> I don’t understand why any company would want the liability of holding on to any personal data if it wasn’t vital to the operations of the business, considering all the data breaches we’ve seen over the past decade or so.
They're OK with the liability exactly because of this very sentence. As you said, there's so many data breaches... so where are the company-ending fines and managers/execs going to prison?
Here in Japan the government cracks down on it hard. There are fines for every n users exposed and in extreme cases a company can be forced to stop trading for a period of days or weeks. Companies are so scared of this happening to them that a significant portion of orientation for new employees is spent on it. I don't have stats on how effective it is, but I do know that the public is less willing to accept it as they tend to elsewhere.
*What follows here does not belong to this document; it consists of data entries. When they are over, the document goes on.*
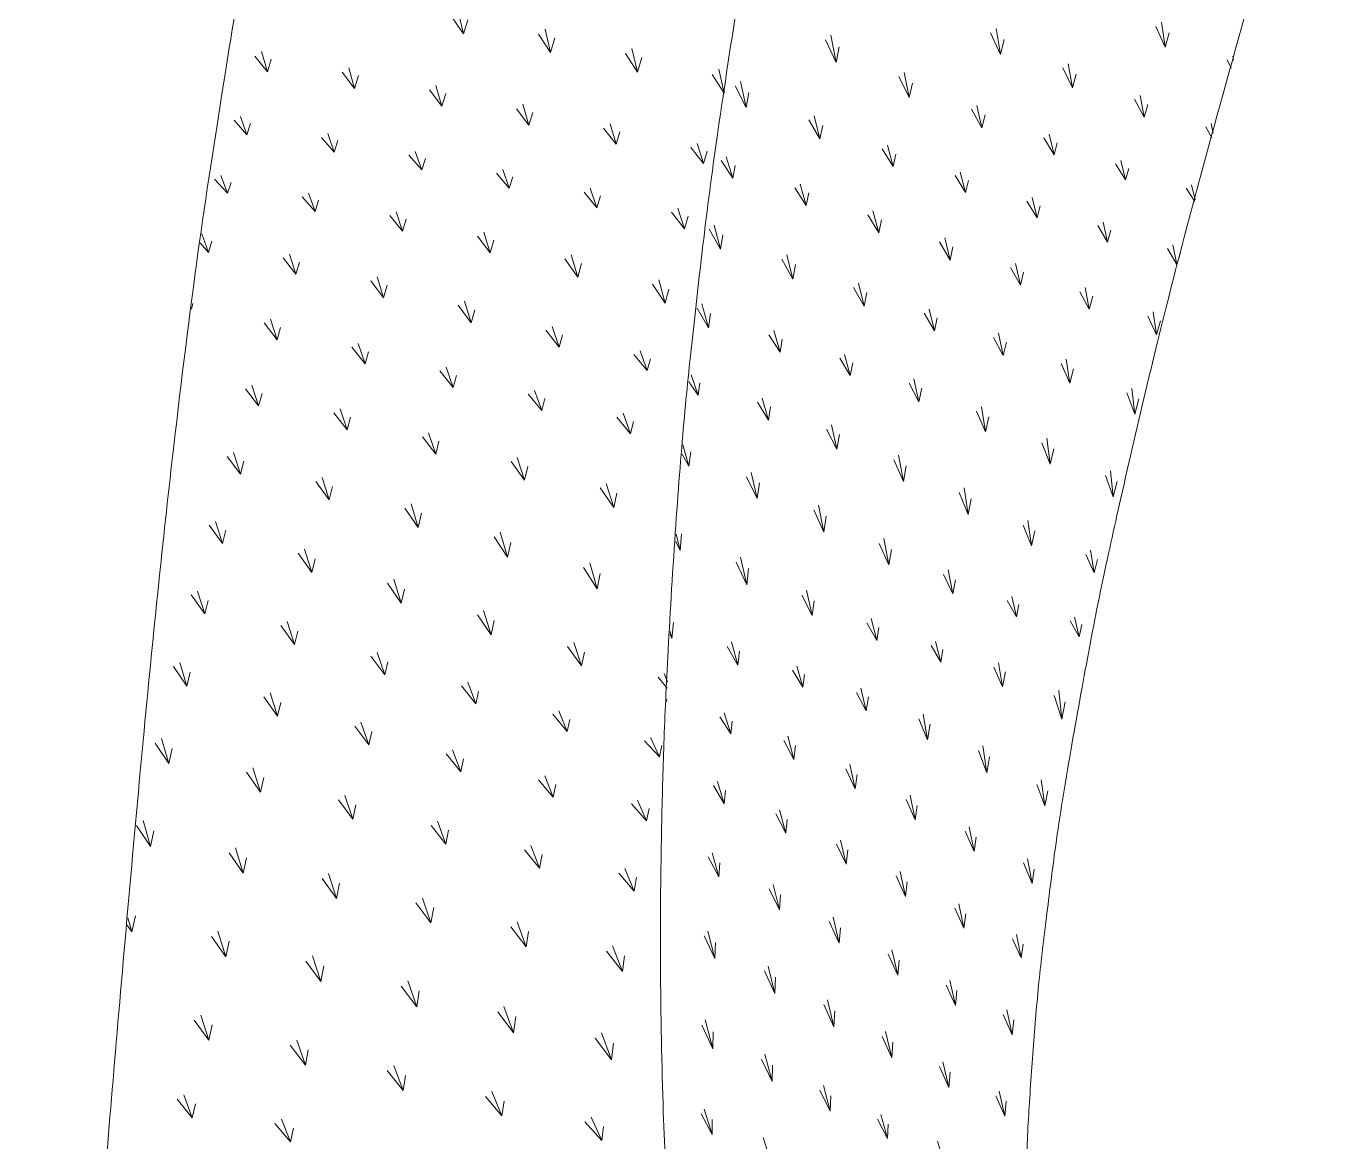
# Model space of a CAD drawing. Header units: millimetres. Extents: x 12827 to 178996, y -27589 to 73652.
# Drawn here: x 96268 to 100251, y 7207 to 10615 of the extents above; entities that cross this region are included whole.
import ezdxf

# ---------------------------------------------------------------- set-up
doc = ezdxf.new("R2010")
doc.units = ezdxf.units.MM
doc.layers.add('A-FLOR', color=192, linetype='Continuous', lineweight=9)
doc.layers.add('A-FLOR-PATT', color=8, linetype='Continuous', lineweight=9)

# ---------------------------------------------------------------- blocks, each defined once
blk = doc.blocks.new('FP_262-Copy of 1_F')
at = {"layer": 'A-FLOR-PATT'}
for p, q in [((97604.5, 10590.5), (97567.5, 10644)), ((97604.5, 10590.5), (97587.5, 10659.2)), ((97604.5, 10590.5), (97617.4, 10634.1)), ((97870.3, 10534.3), (97853.4, 10605)), ((97870.3, 10534.3), (97833.4, 10589.6)), ((97870.3, 10534.3), (97883.3, 10578.9)), ((97005.1, 10475.3), (96967.1, 10523)), ((97005.1, 10475.3), (96986.9, 10536.6)), ((98135.7, 10473.7), (98098.9, 10530.5)), ((98135.7, 10473.7), (98118.9, 10546.1)), ((98135.7, 10473.7), (98148.6, 10518.9)), ((97005.1, 10475.3), (97017.2, 10514)), ((97271.7, 10424.4), (97253.6, 10486.9)), ((98400.8, 10409.4), (98383.9, 10482.6)), ((97271.7, 10424.4), (97233.9, 10473.3)), ((97271.7, 10424.4), (97283.9, 10463.5)), ((98400.8, 10409.4), (98363.9, 10467)), ((97538, 10369.5), (97500.2, 10419.6)), ((97538, 10369.5), (97519.9, 10433.1)), ((97538, 10369.5), (97550.1, 10409)), ((98400.8, 10409.4), (98402.1, 10414)), ((97804.2, 10311.9), (97766.3, 10362.2)), ((97804.2, 10311.9), (97785.9, 10375.6)), ((96942.7, 10282.5), (96904, 10326.7)), ((96942.7, 10282.5), (96923.5, 10338.4)), ((96942.7, 10282.5), (96954.1, 10317.1)), ((97804.2, 10311.9), (97816.1, 10351.1)), ((98070.7, 10253.5), (98051.9, 10315.7)), ((97209.6, 10229.8), (97190.3, 10286.3)), ((98070.7, 10253.5), (98032.3, 10302.7)), ((98070.7, 10253.5), (98082.3, 10291.6)), ((97209.6, 10229.8), (97170.9, 10274.6)), ((97209.6, 10229.8), (97220.9, 10264.6)), ((98337.6, 10194.9), (98298.8, 10243.2)), ((98337.6, 10194.9), (98318.2, 10255.7)), ((97476.7, 10175.3), (97437.8, 10220.4)), ((97476.7, 10175.3), (97457.1, 10232)), ((97476.7, 10175.3), (97487.9, 10210.1)), ((98337.6, 10194.9), (98348.8, 10232.1)), ((96883.3, 10103.9), (96863.4, 10157.9)), ((97744.1, 10119.1), (97705, 10164.9)), ((97744.1, 10119.1), (97724.2, 10176.4)), ((96883.3, 10103.9), (96844.1, 10147.1)), ((96883.3, 10103.9), (96894.3, 10137.1)), ((97744.1, 10119.1), (97755.1, 10154.3)), ((98011.8, 10059.9), (97991.7, 10119.1)), ((97150.8, 10048.2), (97111.6, 10092.9)), ((97150.8, 10048.2), (97130.8, 10103.9)), ((97150.8, 10048.2), (97161.7, 10082.5)), ((98011.8, 10059.9), (97972.4, 10107.4)), ((98011.8, 10059.9), (98022.6, 10096.3)), ((97418.4, 9988.2), (97398.4, 10047)), ((98279.4, 9995.2), (98240.1, 10046.5)), ((98279.4, 9995.2), (98259.3, 10058.6)), ((97418.4, 9988.2), (97379.2, 10035.6)), ((97418.4, 9988.2), (97429.3, 10024.4)), ((98279.4, 9995.2), (98290.3, 10034.4)), ((96825.1, 9923.3), (96805, 9980.1)), ((96825.1, 9923.3), (96836, 9958)), ((97685.9, 9921.5), (97646.7, 9973.1)), ((97685.9, 9921.5), (97666, 9985.2)), ((97685.9, 9921.5), (97696.9, 9960.6)), ((96825.1, 9923.3), (96800.2, 9952.6)), ((97092.6, 9856.8), (97072.6, 9917.9)), ((97092.6, 9856.8), (97053.4, 9906.4)), ((97092.6, 9856.8), (97103.6, 9893.9)), ((97953.2, 9847.5), (97914.1, 9903.2)), ((97953.2, 9847.5), (97933.4, 9916.2)), ((97953.2, 9847.5), (97964.3, 9889.3)), ((97360.1, 9784.3), (97340.1, 9848.9)), ((98220.6, 9768.3), (98200.6, 9839.7)), ((97360.1, 9784.3), (97320.8, 9836.9)), ((97360.1, 9784.3), (97371, 9823.2)), ((98220.6, 9768.3), (98181.4, 9826.2)), ((98220.6, 9768.3), (98231.5, 9811.2)), ((96773, 9750.4), (96778, 9767.5)), ((97627.8, 9708.7), (97588.3, 9762.2)), ((97627.8, 9708.7), (97607.5, 9774.4)), ((97035, 9656.4), (97014.7, 9719.3)), ((97627.8, 9708.7), (97638.5, 9747.8)), ((97035, 9656.4), (96995.5, 9707.8)), ((97035, 9656.4), (97045.7, 9693.9)), ((97896.2, 9634), (97856.2, 9685.7)), ((97896.2, 9634), (97875.3, 9697.5)), ((97303.5, 9582.9), (97282.7, 9645.2)), ((97896.2, 9634), (97906.5, 9671.5)), ((97303.5, 9582.9), (97263.6, 9633.8)), ((97303.5, 9582.9), (97313.9, 9620)), ((98165.5, 9562.3), (98124.9, 9611.5)), ((98165.5, 9562.3), (98143.8, 9622.7)), ((97572.9, 9511.2), (97532.5, 9561.2)), ((97572.9, 9511.2), (97551.5, 9572.4)), ((98165.5, 9562.3), (98175.4, 9598)), ((97572.9, 9511.2), (97583, 9547.8)), ((96978.6, 9454.3), (96938.7, 9506.4)), ((96978.6, 9454.3), (96957.8, 9518.2)), ((96978.6, 9454.3), (96989.1, 9492.7)), ((97843.1, 9440.7), (97802.2, 9490.5)), ((97843.1, 9440.7), (97821.2, 9501.7)), ((97248.6, 9381.4), (97227.3, 9445.6)), ((97843.1, 9440.7), (97852.9, 9477.4)), ((97248.6, 9381.4), (97208.2, 9433.7)), ((97248.6, 9381.4), (97258.9, 9420.1)), ((98114.2, 9368.9), (98072.9, 9420.5)), ((98114.2, 9368.9), (98091.8, 9431.9)), ((98114.2, 9368.9), (98123.8, 9407.2)), ((97519.4, 9306.6), (97478.6, 9360.5)), ((97519.4, 9306.6), (97497.6, 9372.7)), ((97519.4, 9306.6), (97529.4, 9346.6)), ((96923, 9246.3), (96882.6, 9299.6)), ((96923, 9246.3), (96901.8, 9311.7)), ((96923, 9246.3), (96933.4, 9285.6)), ((97790.9, 9228), (97749.7, 9284.6)), ((97790.9, 9228), (97768.7, 9297.4)), ((97790.9, 9228), (97800.7, 9269.9)), ((97194.3, 9167.7), (97153.5, 9223.3)), ((97194.3, 9167.7), (97172.7, 9235.7)), ((97194.3, 9167.7), (97204.4, 9208.5)), ((98063.1, 9143.8), (98021.6, 9204.1)), ((98063.1, 9143.8), (98040.5, 9217.5)), ((98063.1, 9143.8), (98072.7, 9188.3)), ((97466.3, 9083.4), (97425.2, 9142.2)), ((97466.3, 9083.4), (97444.3, 9155.1)), ((97466.3, 9083.4), (97476.2, 9126.4)), ((96868.1, 9034.5), (96827.4, 9090.1)), ((96868.1, 9034.5), (96846.6, 9101.9)), ((96868.1, 9034.5), (96878.4, 9074.5)), ((97739.1, 8992.4), (97697.6, 9054.9)), ((97739.1, 8992.4), (97716.6, 9068.4)), ((97140.7, 8945.8), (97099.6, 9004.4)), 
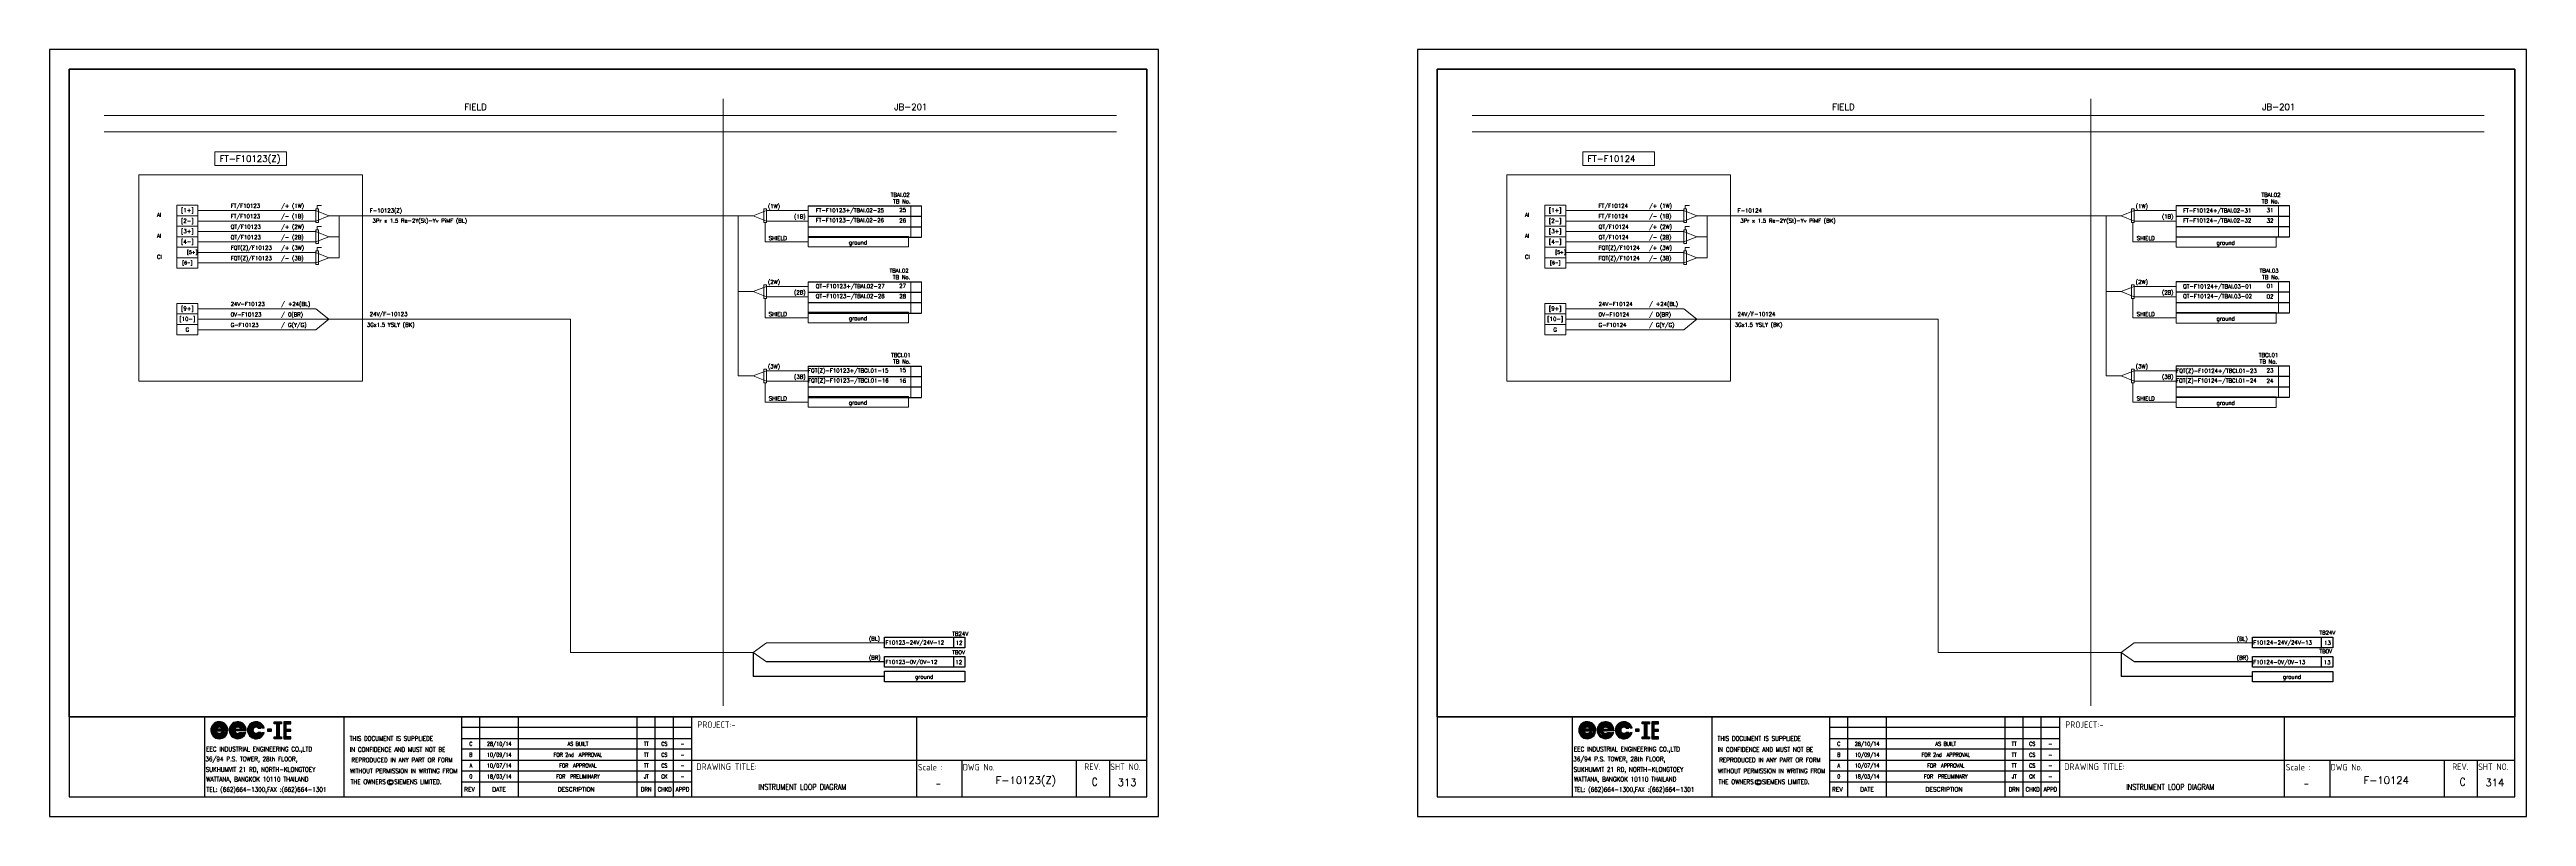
# Model space of a CAD drawing. Header units: millimetres. Extents: x -14942 to 24072, y -50285 to 2207.
# Drawn here: x 6868 to 7812, y -4898 to -4605 of the extents above; entities that cross this region are included whole.
import ezdxf
from ezdxf.enums import TextEntityAlignment as Align

# ---------------------------------------------------------------- set-up
doc = ezdxf.new("R2010")
doc.units = ezdxf.units.MM
doc.header["$MEASUREMENT"] = 0
doc.layers.get('0').update_dxf_attribs({"linetype": 'CONTINUOUS'})
for name, color, linetype in [('52049_PAPER A4$0$Frame_A1', 253, 'CONTINUOUS'), ('BORDER', 3, 'CONTINUOUS'), ('INSTRU', 4, 'CONTINUOUS'), ('INSTRUMENT', 1, 'CONTINUOUS'), ('LINE', 3, 'CONTINUOUS'), ('TEXT', 2, 'CONTINUOUS')]:
    doc.layers.add(name, color=color, linetype=linetype)
doc.styles.add('52049_PAPER A4$0$ISO Proportional', font='isocp.shx')
doc.styles.add('52049_PAPER A4$0$ROMANS', font='isocp.shx')
doc.styles.add('52049_PAPER A4$0$Romans-title', font='romans.shx')
doc.styles.add('ROMANS', font='romans')

# ---------------------------------------------------------------- blocks, each defined once
blk = doc.blocks.new('52049_PAPER A4$0$eec-ie')
at = {"layer": '52049_PAPER A4$0$Frame_A1', "color": 0, "lineweight": -3}
for p, q in [((0, 0), (0.87, 0.87)), ((0, -0.08), (0.3, 0.22)), ((0, -0.16), (0.26, 0.1)), ((0, -0.23), (0.24, 0)), ((0.01, 0.09), (0.78, 0.86)), ((0.04, 0.2), (0.68, 0.83)), ((0.09, 0.32), (0.55, 0.78)), ((0.26, 0.57), (0.3, 0.62)), ((0.34, -0.12), (1, 0.53)), ((0.35, -0.04), (0.92, 0.53)), ((0.35, -0.19), (1.07, 0.52)), ((0.36, 0.05), (0.82, 0.51)), ((0.37, -0.26), (0.66, 0.04)), ((0.39, -0.32), (0.74, 0.04)), ((0.4, 0.17), (0.7, 0.47)), ((0.41, -0.37), (0.82, 0.04)), ((1.69, 0.04), (0.64, 0.04)), ((0.65, 0.57), (0.96, 0.88)), ((0.68, -0.17), (0.9, 0.04)), ((0.76, -0.17), (0.98, 0.04)), ((0.77, 0.62), (1.03, 0.88)), ((0.84, -0.17), (1.05, 0.04)), ((0.87, 0.64), (1.1, 0.87)), ((0.87, 0.25), (1.13, 0.51)), ((0.92, -0.17), (1.13, 0.04)), ((0.95, 0.64), (1.17, 0.86)), ((0.96, 0.26), (1.19, 0.49)), ((1, -0.17), (1.21, 0.04)), ((1.03, 0.64), (1.23, 0.84)), ((1.03, 0.25), (1.24, 0.46)), ((1.07, -0.17), (1.29, 0.04)), ((1.09, 0.24), (1.29, 0.44)), ((1.1, 0.63), (1.29, 0.82)), ((1.15, 0.21), (1.34, 0.4)), ((1.15, -0.17), (1.37, 0.04)), ((1.16, 0.62), (1.35, 0.8)), ((1.19, 0.18), (1.38, 0.37)), ((1.22, 0.6), (1.4, 0.78)), ((1.22, 0.15), (1.54, 0.15)), ((1.23, -0.17), (1.44, 0.04)), ((1.25, 0.15), (1.42, 0.33)), ((1.28, 0.57), (1.45, 0.75)), ((1.31, -0.17), (1.52, 0.04)), ((1.32, 0.15), (1.46, 0.29)), ((1.33, 0.55), (1.5, 0.72)), ((1.38, 0.52), (1.54, 0.69)), ((1.39, -0.17), (1.6, 0.04)), ((1.4, 0.15), (1.49, 0.24)), ((1.42, 0.49), (1.59, 0.65)), ((1.46, 0.45), (1.63, 0.62)), ((1.46, -0.17), (1.68, 0.04)), ((1.48, 0.15), (1.52, 0.19)), ((1.5, 0.41), (1.67, 0.58)), ((1.54, 0.37), (1.71, 0.54)), ((1.54, -0.17), (1.9, 0.18)), ((1.57, 0.33), (1.74, 0.49)), ((1.6, 0.28), (1.77, 0.45)), ((1.62, -0.17), (1.91, 0.12)), ((1.63, 0.23), (1.8, 0.4)), ((1.65, 0.17), (1.83, 0.35)), ((1.67, 0.11), (1.86, 0.3)), ((1.69, 0.05), (1.88, 0.24)), ((1.7, -0.17), (1.93, 0.06)), ((2.09, -0.09), (2.37, 0.19)), ((2.1, -0.01), (2.51, 0.41)), ((2.1, -0.17), (2.34, 0.08)), ((2.11, 0.08), (2.88, 0.86)), ((2.13, 0.18), (2.78, 0.83)), ((2.18, 0.31), (2.65, 0.78)), ((2.31, 0.52), (2.45, 0.65)), ((2.44, -0.05), (3.02, 0.52)), ((2.44, -0.13), (3.1, 0.52)), ((2.45, -0.2), (2.78, 0.13)), ((2.46, 0.04), (2.93, 0.51)), ((2.46, -0.26), (2.76, 0.04)), ((2.48, -0.32), (2.84, 0.04)), ((2.49, 0.15), (2.81, 0.47)), ((2.56, 0.45), (2.97, 0.87)), ((2.72, -0.17), (2.92, 0.04)), ((2.73, 0.04), (3.79, 0.04)), ((2.77, 0.59), (3.06, 0.87)), ((2.79, -0.17), (3, 0.04)), ((2.84, 0.19), (3.17, 0.51)), ((2.87, -0.17), (3.08, 0.04)), ((2.89, 0.63), (3.13, 0.87)), ((2.95, -0.17), (3.15, 0.04)), ((2.98, 0.64), (3.2, 0.86)), ((2.98, 0.26), (3.23, 0.5)), ((3.03, -0.17), (3.23, 0.04)), ((3.06, 0.65), (3.27, 0.85)), ((3.07, 0.26), (3.29, 0.48)), ((3.11, -0.17), (3.31, 0.04)), ((3.14, 0.64), (3.33, 0.83)), ((3.14, 0.25), (3.34, 0.46)), ((3.18, -0.17), (3.39, 0.04)), ((3.2, 0.24), (3.39, 0.43)), ((3.21, 0.63), (3.39, 0.81)), ((3.25, 0.21), (3.44, 0.4)), ((3.26, -0.17), (3.47, 0.04)), ((3.27, 0.62), (3.44, 0.79)), ((3.29, 0.18), (3.48, 0.36)), ((3.62, 0.16), (3.31, 0.16)), ((3.33, 0.6), (3.5, 0.77)), ((3.34, -0.17), (3.54, 0.04)), ((3.36, 0.16), (3.52, 0.32)), ((3.38, 0.57), (3.55, 0.74)), ((3.42, -0.17), (3.62, 0.04)), ((3.43, 0.55), (3.59, 0.71)), ((3.43, 0.16), (3.55, 0.28)), ((3.48, 0.52), (3.64, 0.68)), ((3.5, -0.17), (3.7, 0.04)), ((3.51, 0.16), (3.58, 0.23)), ((3.52, 0.48), (3.68, 0.64)), ((3.57, 0.45), (3.72, 0.61)), ((3.57, -0.17), (3.78, 0.04)), ((3.59, 0.16), (3.61, 0.18)), ((3.6, 0.41), (3.76, 0.57)), ((3.64, 0.37), (3.8, 0.53)), ((3.65, -0.17), (3.99, 0.17)), ((3.67, 0.32), (3.83, 0.48)), ((3.7, 0.27), (3.87, 0.44)), ((3.73, 0.22), (3.9, 0.39)), ((3.73, -0.17), (4, 0.11)), ((3.75, 0.17), (3.92, 0.34)), ((3.77, 0.11), (3.95, 0.28)), ((3.79, 0.05), (3.97, 0.23)), ((3.81, -0.17), (4.02, 0.04)), ((4.18, -0.03), (4.57, 0.36)), ((4.18, -0.11), (4.47, 0.18)), ((4.18, -0.18), (4.43, 0.07)), ((4.19, 0.06), (5, 0.86)), ((4.21, 0.16), (4.9, 0.84)), ((4.25, 0.28), (4.78, 0.8)), ((4.34, 0.45), (4.61, 0.71)), ((4.53, -0.15), (5.2, 0.53)), ((4.53, -0.07), (5.13, 0.53)), ((4.54, 0.02), (5.04, 0.52)), ((4.54, -0.22), (4.86, 0.1)), ((4.57, 0.12), (4.93, 0.49)), ((4.69, 0.48), (5.08, 0.87)), ((4.69, 0.32), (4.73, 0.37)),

Is this true? KADOKAWA had a massive hack last year that leaked a large amount of sensitive user data and as far as I know has faced no legal repercussions. Obviously they took a decent financial and reputational hit, but that was just an effect of the hack itself, not any government intervention.
Wow good for them. I wish we took it that seriously in North America.
GDPR has fines:
Up to EUR 10,000,000 or up to 2% of the total worldwide annual turnover of the preceding financial year, whichever is higher; applies to infringements such as controller and processor obligations, security of processing, record-keeping, and breach notification duties.
Up to EUR 20,000,000 or up to 4% of the total worldwide annual turnover of the preceding financial year, whichever is higher; applies to infringements of basic principles for processing, data subjects’ rights, and unlawful transfers of personal data to third countries or international organisations.
These fines aren’t something you’re responsible for paying by merely being breached. These are imposed for misconduct in data handling.
It’s not very hard to handle customer data in a legally compliant way, that’s why you don’t see companies deciding against retaining data.
You can do everything right and still have a data breach, and in that case nobody is fining you.
Sure, in principle. Have you heard of any company that suffered any significant hardship (say, stock price plummeting, personnel reductions, bankruptcy) because of one of these fines?
Specific to the UK, there's a list of enforcement actions that the Information Commissioners Office (ICO) have taken:
https://ico.org.uk/action-weve-taken/enforcement/
Some went to prison, some were fined £14M and it's a mixture of small fry and big fry.
Big companies arent suffering any of those. But small businesses and individuals are. Just see the enforcement lists. They are fining small flower shops that sent emails to 20-30 people, some of whom subscribed to it decades ago, then forgot. Or small internet startups for missing one subscription record and whatnot. Like all other corporate moat-building efforts, GDPR has been successful in destroying small businesses in favor of big ones.